We also compared the conditional weighting mechanism with other weighting mechanisms, and the experimental results are shown in Fig. 9. Among them, PFTS (M) refers to use the reciprocal of the \(\delta\) in Eq. (8). We also compared another weight setting method, which only focuses on the classification accuracy of each modality itself. PFTS (Z) represents that the weight is achieved by the reciprocal of the classification accuracy of each modality. The experimental results show that the conditional weighting mechanism can distinguish the importance degree of different source domains according to the conditional distribution distance.

Parameter sensitivity analysis The sensitivity analysis of the parameters is shown in the Fig. 10. We can see that the default parameter settings can achieve higher accuracy, indicating that the default parameter configuration is more reasonable. In addition, we tested the performance of the default parameter settings in all tasks and achieved good results, which demonstrated that our algorithm is relatively stable and effective for different experimental settings.

Fig. 10
figure 10

Parameter sensitivity analysis on F, G–S for Multilingual Reuters Collection dataset

Through all experiments, it can be observed that the traditional multi-modal transfer methods usually only measure the low-order moment, while we use two-step alignment based on parameters fusion to achieve excellent alignment results. In addition, we tested the hyperparameters in the data sets of different dimensions, and the hyperparameters set could perfectly present the optimal accuracy, which showed that the model was robust.
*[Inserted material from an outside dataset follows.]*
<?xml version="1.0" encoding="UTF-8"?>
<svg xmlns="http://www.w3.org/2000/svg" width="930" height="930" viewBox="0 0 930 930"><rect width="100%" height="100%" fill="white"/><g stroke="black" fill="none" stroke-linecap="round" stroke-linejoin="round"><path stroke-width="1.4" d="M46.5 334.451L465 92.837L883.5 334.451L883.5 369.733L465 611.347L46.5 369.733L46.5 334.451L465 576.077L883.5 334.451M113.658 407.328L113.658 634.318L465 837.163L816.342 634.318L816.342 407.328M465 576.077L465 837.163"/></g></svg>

In general, our approach has certain advantages in the scenario of multi-modal data fusion domain adaption.

Discussion With other methods under the same settings, we show that this method achieves optimal performance. We also investigate the effects of multi-modal parameter fusion, high-order moment measurement, adversarial domain adaption and conditional weighting scheme on the model performance, and find that the accuracy of the model is effectively improved by adding related functions. While the effectiveness of proposed method has been validated by experiment, there are also several points can be improved. Firstly, in this paper, the feature level has been conducted, while fusion at the model and decision levels can also be considered in the future work. Secondly, the paper enhances the connection between modalities and improves the robustness of the model through fusion, but it needs further study on whether this connection expands the complementarity of information of multiple modalities and achieves complementarity between modalities. In the future, we will extend the fusion level on the basis of feature fusion and study the information complementarity between modalities through different experimental scenarios.

5 Conclusions

In this work, we propose a new strategy for multi-modal domain adaptation method based on parameter fusion and two-stage alignment. It achieves cross-modal association from parameter fusion, by means of adversarial domain adaption and high-order moment measurement, as well as realizing the cross-modal alignment. And finally implement the emphasis transfer by weight mechanism. Compared with typical multi-modal fusion methods, the proposed framework takes the data differences between modalities into consideration, which can increase the connectivity between modalities and subsequently improve the alignment effect after fusion. A large number of comparative experiments and analyses have verified the effectiveness of this method. In the future, we will continue to explore multiple fusion methods and the data complementarity between modalities.